Data items
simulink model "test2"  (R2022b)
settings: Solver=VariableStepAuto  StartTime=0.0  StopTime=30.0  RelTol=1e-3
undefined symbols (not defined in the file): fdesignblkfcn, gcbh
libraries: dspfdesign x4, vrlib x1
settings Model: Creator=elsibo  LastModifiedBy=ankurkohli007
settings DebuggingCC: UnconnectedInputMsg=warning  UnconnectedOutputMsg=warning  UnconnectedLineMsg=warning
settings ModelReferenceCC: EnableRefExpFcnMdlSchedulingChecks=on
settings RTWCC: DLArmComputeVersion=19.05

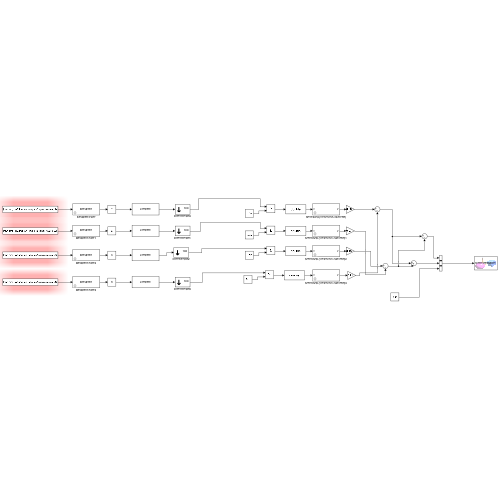
[thumbnail: Simulink's stored preview of the top-level diagram]
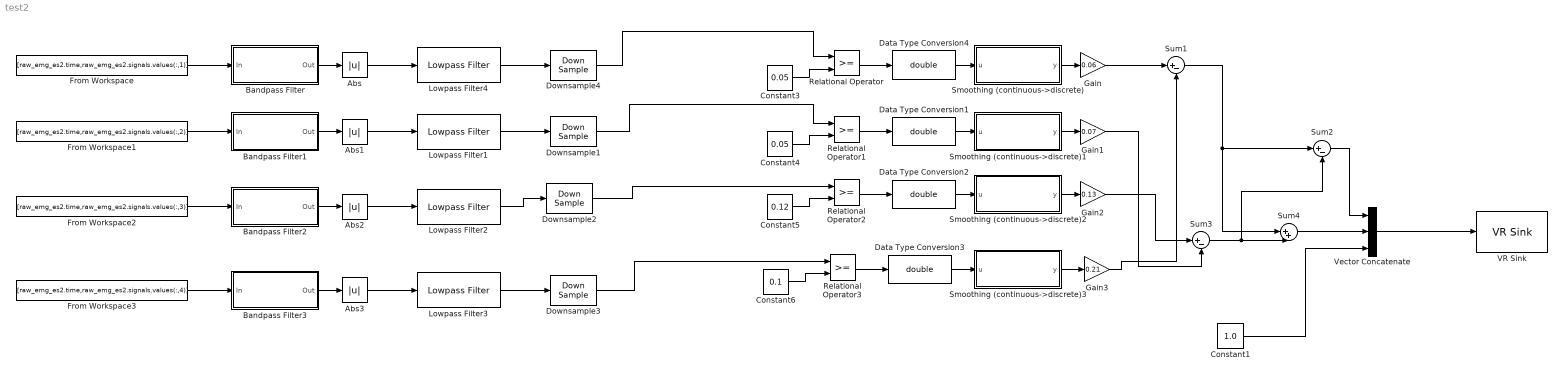
== system test2 ==
  Abs{,1..3} (4 alike) : Abs  SaturateOnIntegerOverflow=off
  Bandpass Filter : Subsystem  DialogController=fdesignblkfcn  InitFcn=fdesignblkfcn(gcbh, {'InitFcn'});  mask(Bandpass Filter){}
      mask help: Design a bandpass filter
      settings: CopyFcn=fdesignblkfcn(gcbh, {'CopyFcn'});
      mask Help: helpview(mapfilelocation('dsp'), 'dspbandpassfilter');
      mask Display: disp('Bandpass');
  Bandpass Filter1 : Subsystem  DialogController=fdesignblkfcn  InitFcn=fdesignblkfcn(gcbh, {'InitFcn'});  mask(Bandpass Filter){}
      mask help: Design a bandpass filter
      settings: CopyFcn=fdesignblkfcn(gcbh, {'CopyFcn'});
      mask Help: helpview(mapfilelocation('dsp'), 'dspbandpassfilter');
      mask Display: disp('Bandpass');
  Bandpass Filter2 : Subsystem  DialogController=fdesignblkfcn  InitFcn=fdesignblkfcn(gcbh, {'InitFcn'});  mask(Bandpass Filter){}
      mask help: Design a bandpass filter
      settings: CopyFcn=fdesignblkfcn(gcbh, {'CopyFcn'});
      mask Help: helpview(mapfilelocation('dsp'), 'dspbandpassfilter');
      mask Display: disp('Bandpass');
  Bandpass Filter3 : Subsystem  DialogController=fdesignblkfcn  InitFcn=fdesignblkfcn(gcbh, {'InitFcn'});  mask(Bandpass Filter){}
      mask help: Design a bandpass filter
      settings: CopyFcn=fdesignblkfcn(gcbh, {'CopyFcn'});
      mask Help: helpview(mapfilelocation('dsp'), 'dspbandpassfilter');
      mask Display: disp('Bandpass');
  Constant1 : Constant  Value=1.0
  Constant3 : Constant  Value=0.05
  Constant4 : Constant  Value=0.05
  Constant5 : Constant  Value=0.12
  Constant6 : Constant  Value=0.1
  Data Type Conversion{1..4} (4 alike) : DataTypeConversion  OutMin=[0.2]  OutMax=[1000]  OutDataTypeStr=double  SaturateOnIntegerOverflow=off  RndMeth=Floor
  Downsample{1..4} (4 alike) : DownSample  N=100  RateOptions=Allow multirate processing
  From Workspace : FromWorkspace  VariableName=[raw_emg_es2.time,raw_emg_es2.signals.values(:,1)]  SampleTime=1/3000
  From Workspace1 : FromWorkspace  VariableName=[raw_emg_es2.time,raw_emg_es2.signals.values(:,2)]  SampleTime=1/3000
  From Workspace2 : FromWorkspace  VariableName=[raw_emg_es2.time,raw_emg_es2.signals.values(:,3)]  SampleTime=1/3000
  From Workspace3 : FromWorkspace  VariableName=[raw_emg_es2.time,raw_emg_es2.signals.values(:,4)]  SampleTime=1/3000
  Gain : Gain  Gain=0.06
  Gain1 : Gain  Gain=0.07
  Gain2 : Gain  Gain=0.13
  Gain3 : Gain  Gain=0.21
  Lowpass Filter{1..4} (4 alike) : dspfdesign/Lowpass Filter  FilterType=FIR  DesignForMinimumOrder=on  FilterOrder=50  PassbandFrequency=3e3  StopbandFrequency=5e3  PassbandRipple=0.1  StopbandAttenuation=80  InheritSampleRate=off  SampleRate=44100  SimulateUsing=Interpreted execution  roundingMode=Floor  coeffsDataTypeStr=fixdt(1,16)
  Relational Operator{,1..3} (4 alike) : RelationalOperator  OutDataTypeStr=boolean  RndMeth=Simplest  InputSameDT=off
  Smoothing (continuous->discrete) : Subsystem  mask(Smoothing (continuous->discrete)){tsSmoothing=0.35, smoothing0=0}
      mask prompts: tsSmoothing "physmod:simscape:couplers:SimscapeNetworkCouplersLib:SmoothingTimeConstants_MP"; smoothing0 "physmod:simscape:couplers:SimscapeNetworkCouplersLib:InitialOutput_MP"
      mask help: physmod:simscape:couplers:SimscapeNetworkCouplersLib:Smoothingcontinuousdiscrete_MD
      mask Help: web([docroot '/physmod/simscape/ref/networkcouplersmoothingcontinuousdiscrete.html'])
  Smoothing (continuous->discrete)1 : Subsystem  mask(Smoothing (continuous->discrete)){tsSmoothing=0.35, smoothing0=0}
      mask prompts: tsSmoothing "physmod:simscape:couplers:SimscapeNetworkCouplersLib:SmoothingTimeConstants_MP"; smoothing0 "physmod:simscape:couplers:SimscapeNetworkCouplersLib:InitialOutput_MP"
      mask help: physmod:simscape:couplers:SimscapeNetworkCouplersLib:Smoothingcontinuousdiscrete_MD
      mask Help: web([docroot '/physmod/simscape/ref/networkcouplersmoothingcontinuousdiscrete.html'])
  Smoothing (continuous->discrete)2 : Subsystem  mask(Smoothing (continuous->discrete)){tsSmoothing=0.35, smoothing0=0}
      mask prompts: tsSmoothing "physmod:simscape:couplers:SimscapeNetworkCouplersLib:SmoothingTimeConstants_MP"; smoothing0 "physmod:simscape:couplers:SimscapeNetworkCouplersLib:InitialOutput_MP"
      mask help: physmod:simscape:couplers:SimscapeNetworkCouplersLib:Smoothingcontinuousdiscrete_MD
      mask Help: web([docroot '/physmod/simscape/ref/networkcouplersmoothingcontinuousdiscrete.html'])
  Smoothing (continuous->discrete)3 : Subsystem  mask(Smoothing (continuous->discrete)){tsSmoothing=0.35, smoothing0=0}
      mask prompts: tsSmoothing "physmod:simscape:couplers:SimscapeNetworkCouplersLib:SmoothingTimeConstants_MP"; smoothing0 "physmod:simscape:couplers:SimscapeNetworkCouplersLib:InitialOutput_MP"
      mask help: physmod:simscape:couplers:SimscapeNetworkCouplersLib:Smoothingcontinuousdiscrete_MD
      mask Help: web([docroot '/physmod/simscape/ref/networkcouplersmoothingcontinuousdiscrete.html'])
  Sum1 : Sum  Inputs=|+-
  Sum2 : Sum  Inputs=|+-
  Sum3 : Sum  Inputs=|+-
  Sum4 : Sum  Inputs=|++
  VR Sink : vrlib/VR Sink  InstantiateOnLoad=on  SampleTime=0.1  ViewEnable=on  RemoteChange=off  RemoteView=off  FieldsWritten=cursor.translation.3.1.1.double  WorldFileName=8_palline_color.wrl  AutoView=off  VideoDimensions=[]  AllowVariableSize=off
  Vector Concatenate : Concatenate  NumInputs=3
  wires:
  From Workspace/1 -> Bandpass Filter/1(In)
  Bandpass Filter/1(Out) -> Abs/1
  Abs/1 -> Lowpass Filter4/1
  Lowpass Filter4/1 -> Downsample4/1
  Abs1/1 -> Lowpass Filter1/1
  Lowpass Filter1/1 -> Downsample1/1
  Bandpass Filter1/1(Out) -> Abs1/1
  From Workspace1/1 -> Bandpass Filter1/1(In)
  Downsample1/1 -> Relational Operator1/1
  Abs2/1 -> Lowpass Filter2/1
  Bandpass Filter2/1(Out) -> Abs2/1
  From Workspace2/1 -> Bandpass Filter2/1(In)
  Downsample2/1 -> Relational Operator2/1
  Abs3/1 -> Lowpass Filter3/1
  Lowpass Filter3/1 -> Downsample3/1
  Bandpass Filter3/1(Out) -> Abs3/1
  From Workspace3/1 -> Bandpass Filter3/1(In)
  Downsample3/1 -> Relational Operator3/1
  Vector Concatenate/1 -> VR Sink/1
  Downsample4/1 -> Relational Operator/1
  Constant3/1 -> Relational Operator/2
  Relational Operator/1 -> Data Type Conversion4/1
  Relational Operator1/1 -> Data Type Conversion1/1
  Constant4/1 -> Relational Operator1/2
  Relational Operator2/1 -> Data Type Conversion2/1
  Constant5/1 -> Relational Operator2/2
  Relational Operator3/1 -> Data Type Conversion3/1
  Constant6/1 -> Relational Operator3/2
  Lowpass Filter2/1 -> Downsample2/1
  Data Type Conversion3/1 -> Smoothing (continuous->discrete)3/1(u)
  Data Type Conversion2/1 -> Smoothing (continuous->discrete)2/1(u)
  Data Type Conversion1/1 -> Smoothing (continuous->discrete)1/1(u)
  Data Type Conversion4/1 -> Smoothing (continuous->discrete)/1(u)
  Smoothing (continuous->discrete)/1(y) -> Gain/1
  Smoothing (continuous->discrete)1/1(y) -> Gain1/1
  Smoothing (continuous->discrete)2/1(y) -> Gain2/1
  Smoothing (continuous->discrete)3/1(y) -> Gain3/1
  Gain/1 -> Sum1/1
  Sum1/1 -> Sum2/1, Sum4/1
  Gain2/1 -> Sum3/1
  Sum3/1 -> Sum4/2, Sum2/2
  Sum4/1 -> Vector Concatenate/2
  Sum2/1 -> Vector Concatenate/1
  Constant1/1 -> Vector Concatenate/3
  Gain3/1 -> Sum1/2
  Gain1/1 -> Sum3/2

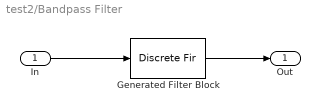
== system test2/Bandpass Filter ==
  In : Inport
  Generated Filter Block : DiscreteFir  Tag=BlockMethodSubSystem  Coefficients=[-0.0867106986736685681 0.172879501957226178 0.0611368344740756825 0.00822498172698654662 -0.0189364689630777752 -0.0305456119635362962 -0.029927052061019966 -0.0224311445482471734 -0.0154422453333472702 -0.0147705811987406625 -0.0205783857487597949 -0.0272517797256104505 -0.0284569945610830509 -0.0221839585574007091 -0.0127406715665240016 -0.00735000555653291324 -0.0102169041814385748 -0.0189181160821402621 -0.0260072397446443268 -0.0250951422264934776 -0.0162958899444141936 -0.00644643769533894805 -0.00372657608997871599 -0.0107951272745376546 -0.0221929620414225356 -0.0284553825598440994 -0.0237986889434766841 -0.0113779247022730377 -0.00119952503274776186 -0.00224663464687881349 -0.0146779403633768464 -0.0289282353463493902 -0.0329178478450258896 -0.0221510441115707439 -0.00434610570060027946 0.00573186727481306366 -0.00179813231379483346 -0.023001586974820111 -0.0413251082228547201 -0.0401288838953623231 -0.0168514574192910466 0.0121051446615590193 0.0218215231144973931 -0.00171807992762008032 -0.0470242140764826691 -0.0802559080529268998 -0.0639028947733619318 0.0153185042045271922 0.13460237441843137 0.241443784310572063 0.283829886850723301 0.241443784310572063 0.13460237441843137 0.0153185042045271922 -0.0639028947733619318 -0.0802559080529268998 -0.0470242140764826691 -0.00171807992762008032 0.0218215231144973931 0.0121051446615590193 -0.0168514574192910466 -0.0401288838953623231 -0.0413251082228547201 -0.023001586974820111 -0.00179813231379483346 0.00573186727481306366 -0.00434610570060027946 -0.0221510441115707439 -0.0329178478450258896 -0.0289282353463493902 -0.0146779403633768464 -0.00224663464687881349 -0.00119952503274776186 -0.0113779247022730377 -0.0237986889434766841 -0.0284553825598440994 -0.0221929620414225356 -0.0107951272745376546 -0.00372657608997871599 -0.00644643769533894805 -0.0162958899444141936 -0.0250951422264934776 -0.0260072397446443268 -0.0189181160821402621 -0.0102169041814385748 -0.00735000555653291324 -0.0127406715665240016 -0.0221839585574007091 -0.0284569945610830509 -0.0272517797256104505 -0.0205783857487597949 -0.0147705811987406625 -0.0154422453333472702 -0.0224311445482471734 -0.029927052061019966 -0.0305456119635362962 -0.0189364689630777752 0.00822498172698654662 0.0611368344740756825 0.172879501957226178 -0.0867106986736685681]  InputProcessing=Columns as channels (frame based)
  Out : Outport  VectorParamsAs1DForOutWhenUnconnected=off
  wires:
  In/1 -> Generated Filter Block/1
  Generated Filter Block/1 -> Out/1

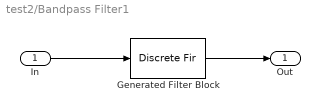
== system test2/Bandpass Filter1 ==
  In : Inport
  Generated Filter Block : DiscreteFir  Tag=BlockMethodSubSystem  Coefficients=[-0.0867106986736685681 0.172879501957226178 0.0611368344740756825 0.00822498172698654662 -0.0189364689630777752 -0.0305456119635362962 -0.029927052061019966 -0.0224311445482471734 -0.0154422453333472702 -0.0147705811987406625 -0.0205783857487597949 -0.0272517797256104505 -0.0284569945610830509 -0.0221839585574007091 -0.0127406715665240016 -0.00735000555653291324 -0.0102169041814385748 -0.0189181160821402621 -0.0260072397446443268 -0.0250951422264934776 -0.0162958899444141936 -0.00644643769533894805 -0.00372657608997871599 -0.0107951272745376546 -0.0221929620414225356 -0.0284553825598440994 -0.0237986889434766841 -0.0113779247022730377 -0.00119952503274776186 -0.00224663464687881349 -0.0146779403633768464 -0.0289282353463493902 -0.0329178478450258896 -0.0221510441115707439 -0.00434610570060027946 0.00573186727481306366 -0.00179813231379483346 -0.023001586974820111 -0.0413251082228547201 -0.0401288838953623231 -0.0168514574192910466 0.0121051446615590193 0.0218215231144973931 -0.00171807992762008032 -0.0470242140764826691 -0.0802559080529268998 -0.0639028947733619318 0.0153185042045271922 0.13460237441843137 0.241443784310572063 0.283829886850723301 0.241443784310572063 0.13460237441843137 0.0153185042045271922 -0.0639028947733619318 -0.0802559080529268998 -0.0470242140764826691 -0.00171807992762008032 0.0218215231144973931 0.0121051446615590193 -0.0168514574192910466 -0.0401288838953623231 -0.0413251082228547201 -0.023001586974820111 -0.00179813231379483346 0.00573186727481306366 -0.00434610570060027946 -0.0221510441115707439 -0.0329178478450258896 -0.0289282353463493902 -0.0146779403633768464 -0.00224663464687881349 -0.00119952503274776186 -0.0113779247022730377 -0.0237986889434766841 -0.0284553825598440994 -0.0221929620414225356 -0.0107951272745376546 -0.00372657608997871599 -0.00644643769533894805 -0.0162958899444141936 -0.0250951422264934776 -0.0260072397446443268 -0.0189181160821402621 -0.0102169041814385748 -0.00735000555653291324 -0.0127406715665240016 -0.0221839585574007091 -0.0284569945610830509 -0.0272517797256104505 -0.0205783857487597949 -0.0147705811987406625 -0.0154422453333472702 -0.0224311445482471734 -0.029927052061019966 -0.0305456119635362962 -0.0189364689630777752 0.00822498172698654662 0.0611368344740756825 0.172879501957226178 -0.0867106986736685681]  InputProcessing=Columns as channels (frame based)
  Out : Outport  VectorParamsAs1DForOutWhenUnconnected=off
  wires:
  In/1 -> Generated Filter Block/1
  Generated Filter Block/1 -> Out/1

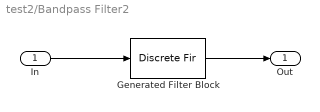
== system test2/Bandpass Filter2 ==
  In : Inport
  Generated Filter Block : DiscreteFir  Tag=BlockMethodSubSystem  Coefficients=[-0.0867106986736685681 0.172879501957226178 0.0611368344740756825 0.00822498172698654662 -0.0189364689630777752 -0.0305456119635362962 -0.029927052061019966 -0.0224311445482471734 -0.0154422453333472702 -0.0147705811987406625 -0.0205783857487597949 -0.0272517797256104505 -0.0284569945610830509 -0.0221839585574007091 -0.0127406715665240016 -0.00735000555653291324 -0.0102169041814385748 -0.0189181160821402621 -0.0260072397446443268 -0.0250951422264934776 -0.0162958899444141936 -0.00644643769533894805 -0.00372657608997871599 -0.0107951272745376546 -0.0221929620414225356 -0.0284553825598440994 -0.0237986889434766841 -0.0113779247022730377 -0.00119952503274776186 -0.00224663464687881349 -0.0146779403633768464 -0.0289282353463493902 -0.0329178478450258896 -0.0221510441115707439 -0.00434610570060027946 0.00573186727481306366 -0.00179813231379483346 -0.023001586974820111 -0.0413251082228547201 -0.0401288838953623231 -0.0168514574192910466 0.0121051446615590193 0.0218215231144973931 -0.00171807992762008032 -0.0470242140764826691 -0.0802559080529268998 -0.0639028947733619318 0.0153185042045271922 0.13460237441843137 0.241443784310572063 0.283829886850723301 0.241443784310572063 0.13460237441843137 0.0153185042045271922 -0.0639028947733619318 -0.0802559080529268998 -0.0470242140764826691 -0.00171807992762008032 0.0218215231144973931 0.0121051446615590193 -0.0168514574192910466 -0.0401288838953623231 -0.0413251082228547201 -0.023001586974820111 -0.00179813231379483346 0.00573186727481306366 -0.00434610570060027946 -0.0221510441115707439 -0.0329178478450258896 -0.0289282353463493902 -0.0146779403633768464 -0.00224663464687881349 -0.00119952503274776186 -0.0113779247022730377 -0.0237986889434766841 -0.0284553825598440994 -0.0221929620414225356 -0.0107951272745376546 -0.00372657608997871599 -0.00644643769533894805 -0.0162958899444141936 -0.0250951422264934776 -0.0260072397446443268 -0.0189181160821402621 -0.0102169041814385748 -0.00735000555653291324 -0.0127406715665240016 -0.0221839585574007091 -0.0284569945610830509 -0.0272517797256104505 -0.0205783857487597949 -0.0147705811987406625 -0.0154422453333472702 -0.0224311445482471734 -0.029927052061019966 -0.0305456119635362962 -0.0189364689630777752 0.00822498172698654662 0.0611368344740756825 0.172879501957226178 -0.0867106986736685681]  InputProcessing=Columns as channels (frame based)
  Out : Outport  VectorParamsAs1DForOutWhenUnconnected=off
  wires:
  In/1 -> Generated Filter Block/1
  Generated Filter Block/1 -> Out/1

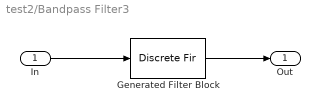
== system test2/Bandpass Filter3 ==
  In : Inport
  Generated Filter Block : DiscreteFir  Tag=BlockMethodSubSystem  Coefficients=[-0.0867106986736685681 0.172879501957226178 0.0611368344740756825 0.00822498172698654662 -0.0189364689630777752 -0.0305456119635362962 -0.029927052061019966 -0.0224311445482471734 -0.0154422453333472702 -0.0147705811987406625 -0.0205783857487597949 -0.0272517797256104505 -0.0284569945610830509 -0.0221839585574007091 -0.0127406715665240016 -0.00735000555653291324 -0.0102169041814385748 -0.0189181160821402621 -0.0260072397446443268 -0.0250951422264934776 -0.0162958899444141936 -0.00644643769533894805 -0.00372657608997871599 -0.0107951272745376546 -0.0221929620414225356 -0.0284553825598440994 -0.0237986889434766841 -0.0113779247022730377 -0.00119952503274776186 -0.00224663464687881349 -0.0146779403633768464 -0.0289282353463493902 -0.0329178478450258896 -0.0221510441115707439 -0.00434610570060027946 0.00573186727481306366 -0.00179813231379483346 -0.023001586974820111 -0.0413251082228547201 -0.0401288838953623231 -0.0168514574192910466 0.0121051446615590193 0.0218215231144973931 -0.00171807992762008032 -0.0470242140764826691 -0.0802559080529268998 -0.0639028947733619318 0.0153185042045271922 0.13460237441843137 0.241443784310572063 0.283829886850723301 0.241443784310572063 0.13460237441843137 0.0153185042045271922 -0.0639028947733619318 -0.0802559080529268998 -0.0470242140764826691 -0.00171807992762008032 0.0218215231144973931 0.0121051446615590193 -0.0168514574192910466 -0.0401288838953623231 -0.0413251082228547201 -0.023001586974820111 -0.00179813231379483346 0.00573186727481306366 -0.00434610570060027946 -0.0221510441115707439 -0.0329178478450258896 -0.0289282353463493902 -0.0146779403633768464 -0.00224663464687881349 -0.00119952503274776186 -0.0113779247022730377 -0.0237986889434766841 -0.0284553825598440994 -0.0221929620414225356 -0.0107951272745376546 -0.00372657608997871599 -0.00644643769533894805 -0.0162958899444141936 -0.0250951422264934776 -0.0260072397446443268 -0.0189181160821402621 -0.0102169041814385748 -0.00735000555653291324 -0.0127406715665240016 -0.0221839585574007091 -0.0284569945610830509 -0.0272517797256104505 -0.0205783857487597949 -0.0147705811987406625 -0.0154422453333472702 -0.0224311445482471734 -0.029927052061019966 -0.0305456119635362962 -0.0189364689630777752 0.00822498172698654662 0.0611368344740756825 0.172879501957226178 -0.0867106986736685681]  InputProcessing=Columns as channels (frame based)
  Out : Outport  VectorParamsAs1DForOutWhenUnconnected=off
  wires:
  In/1 -> Generated Filter Block/1
  Generated Filter Block/1 -> Out/1

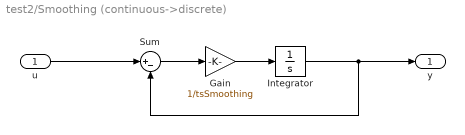
== system test2/Smoothing (continuous->discrete) ==
  u : Inport
  Gain : Gain  Gain=1/tsSmoothing
  Integrator : Integrator  InitialCondition=smoothing0
  Sum : Sum  Inputs=|+-
  y : Outport
  wires:
  u/1 -> Sum/1
  Integrator/1 -> Sum/2, y/1
  Gain/1 -> Integrator/1
  Sum/1 -> Gain/1

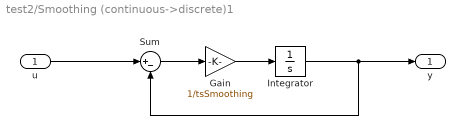
== system test2/Smoothing (continuous->discrete)1 ==
  u : Inport
  Gain : Gain  Gain=1/tsSmoothing
  Integrator : Integrator  InitialCondition=smoothing0
  Sum : Sum  Inputs=|+-
  y : Outport
  wires:
  u/1 -> Sum/1
  Integrator/1 -> Sum/2, y/1
  Gain/1 -> Integrator/1
  Sum/1 -> Gain/1

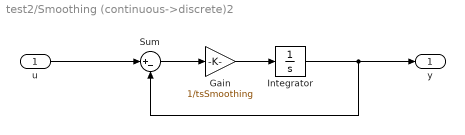
== system test2/Smoothing (continuous->discrete)2 ==
  u : Inport
  Gain : Gain  Gain=1/tsSmoothing
  Integrator : Integrator  InitialCondition=smoothing0
  Sum : Sum  Inputs=|+-
  y : Outport
  wires:
  u/1 -> Sum/1
  Integrator/1 -> Sum/2, y/1
  Gain/1 -> Integrator/1
  Sum/1 -> Gain/1

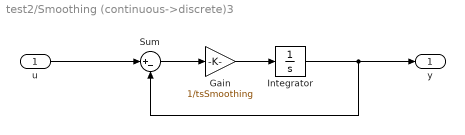
== system test2/Smoothing (continuous->discrete)3 ==
  u : Inport
  Gain : Gain  Gain=1/tsSmoothing
  Integrator : Integrator  InitialCondition=smoothing0
  Sum : Sum  Inputs=|+-
  y : Outport
  wires:
  u/1 -> Sum/1
  Integrator/1 -> Sum/2, y/1
  Gain/1 -> Integrator/1
  Sum/1 -> Gain/1

WHAT YOU NEED TO DO
Using only the entries above, output the line with "Lowpass Filter1/1 -> Downsample1/1", the line with "Relational Operator2/1 ->", and all lines between them, exactly as they stand.

TASK SOLUTION
  Lowpass Filter1/1 -> Downsample1/1
  Bandpass Filter1/1(Out) -> Abs1/1
  From Workspace1/1 -> Bandpass Filter1/1(In)
  Downsample1/1 -> Relational Operator1/1
  Abs2/1 -> Lowpass Filter2/1
  Bandpass Filter2/1(Out) -> Abs2/1
  From Workspace2/1 -> Bandpass Filter2/1(In)
  Downsample2/1 -> Relational Operator2/1
  Abs3/1 -> Lowpass Filter3/1
  Lowpass Filter3/1 -> Downsample3/1
  Bandpass Filter3/1(Out) -> Abs3/1
  From Workspace3/1 -> Bandpass Filter3/1(In)
  Downsample3/1 -> Relational Operator3/1
  Vector Concatenate/1 -> VR Sink/1
  Downsample4/1 -> Relational Operator/1
  Constant3/1 -> Relational Operator/2
  Relational Operator/1 -> Data Type Conversion4/1
  Relational Operator1/1 -> Data Type Conversion1/1
  Constant4/1 -> Relational Operator1/2
  Relational Operator2/1 -> Data Type Conversion2/1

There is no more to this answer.